逗得陸幼凝忍不住笑了開來,邊笑邊去捏這淘氣人的臉頰,“你呀!”

阮潔撒嬌地又要去耍賴,陸幼凝攔下她,柔柔道:“坐好。讓我看看。”阮潔得了命令,正襟危坐。

瞧着阮潔的額頭,陸幼凝心裏就不是滋味,悔恨難過又全都湧上了心頭。想去看阮潔身上如何,阮潔卻耍寶般地躲過連連嚷道自己餓了。而陸幼凝問她是怎麽傷到的,阮潔也只是說過馬路的時候不小心撞的,恰巧碰到林岚,林岚便和司機一起把自己送到了醫院。

醫院看過之後,本想立即就回來的,卻不成想已經辦好了住院手續要強行留自己繼續休息。阮潔講到這裏,嘟着嘴表示着不滿。

言煙造就的一場車禍,被阮潔撒着嬌委屈地清淡略過。仿佛她真的只是無意間的擦傷碰撞。

瞧着阮潔活靈活現地耍着寶,陸幼凝倒也沒再言語什麽。不過也是放寬心下來。

“是不是小岚不和我講,你就要瞞着我不可?是不是還要躲我幾天不可?”

面對陸幼凝疼惜的責問,阮潔讪笑地抓了抓頭。陸幼凝的心過于纖細明亮,什麽也瞞不過她的。

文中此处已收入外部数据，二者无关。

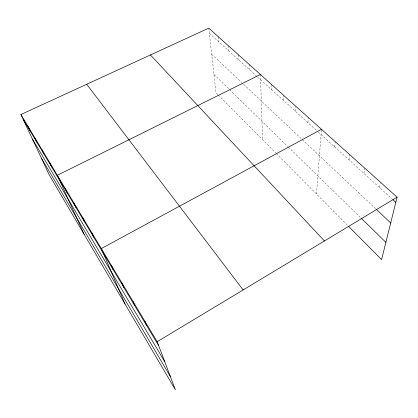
<?xml version="1.0" encoding="UTF-8"?>
<svg xmlns="http://www.w3.org/2000/svg" width="418" height="418" viewBox="0 0 418 418"><rect width="100%" height="100%" fill="white"/><g stroke="black" fill="none" stroke-linecap="round" stroke-linejoin="round"><path stroke-width="0.31" stroke-dasharray="2.09 1.57" d="M283.331 100.351L283.357 95.691M295.395 111.287L295.521 106.616M307.956 122.673L308.223 117.421M316.499 194.025L321.452 129.293M334.714 146.922L335.257 141.686M348.978 159.848L349.683 154.634M363.885 173.365L364.768 168.167M379.487 187.504L380.317 183.486M209.324 33.273L257.232 76.698M257.713 77.131L317.779 131.571M318.244 131.994L392.46 199.266M211.67 54.209L241.761 82.571M243.631 84.331L301.775 139.121M302.235 139.56L376.122 209.188M213.932 74.378L287.756 146.493M288.221 146.948L360.635 217.679M217.82 94.572L215.986 92.723L208.822 28.785M218.274 95.032L275.791 152.998M276.241 153.453L348.168 225.939M218.321 36.737L218.828 41.889M228.254 45.646L228.688 50.824M238.563 54.904L238.918 60.098M249.28 64.518L249.546 69.728M260.419 74.514L262.608 139.711M271.663 84.608L271.742 89.844"/><path stroke-width="0.63" d="M20.9 114.532L157.178 341.72L175.414 389.858L49.345 175.09L20.9 114.532L208.749 28.142L397.1 197.186L381.577 259.609L348.612 226.394M157.178 341.72L397.1 197.186M321.452 129.293L101.297 248.558L125.055 304.069M260.419 74.514L57.344 175.283L84.154 234.393M392.941 199.699L395.825 202.312M376.592 209.632L390.699 222.925M361.544 218.567L385.871 242.33M150.459 54.951L324.436 240.961M86.709 84.269L243.151 289.93M23.178 119.386L158.704 345.738M32.447 139.116L164.776 361.774M41.319 158.004L170.429 376.702M27.598 125.703L29.866 130.552M34.574 137.329L36.821 142.172M41.842 149.451L44.073 154.279M49.428 162.09L51.628 166.902M65.365 188.659L67.507 193.419M73.746 202.631L75.851 207.354M82.513 217.245L84.572 221.921M91.683 232.533L93.695 237.158M111.376 265.367L113.262 269.845M121.967 283.017L123.775 287.406M133.102 301.577L134.826 305.861M144.821 321.118L146.452 325.277"/></g></svg>

想着阮潔一直叫嚷着餓,估計也是真的餓了。便開口道:“你休息一下,我去廚房。”順便揉了揉阮潔的發。

看着女人的身影轉進了廚房,阮潔狀似悠閑地朝着洗漱間走了去。

關了門,斂着眉頭掀起了上衣,拿着氣霧劑朝着腰部的大片淤青噴了幾秒。其他相應的幾處地方也都噴灑了些。

而後,擠壓了幾乎一捧的泡沫洗手液開始細細長長地清洗雙手,企圖掩蓋掉氣霧劑留散在空氣中的味道。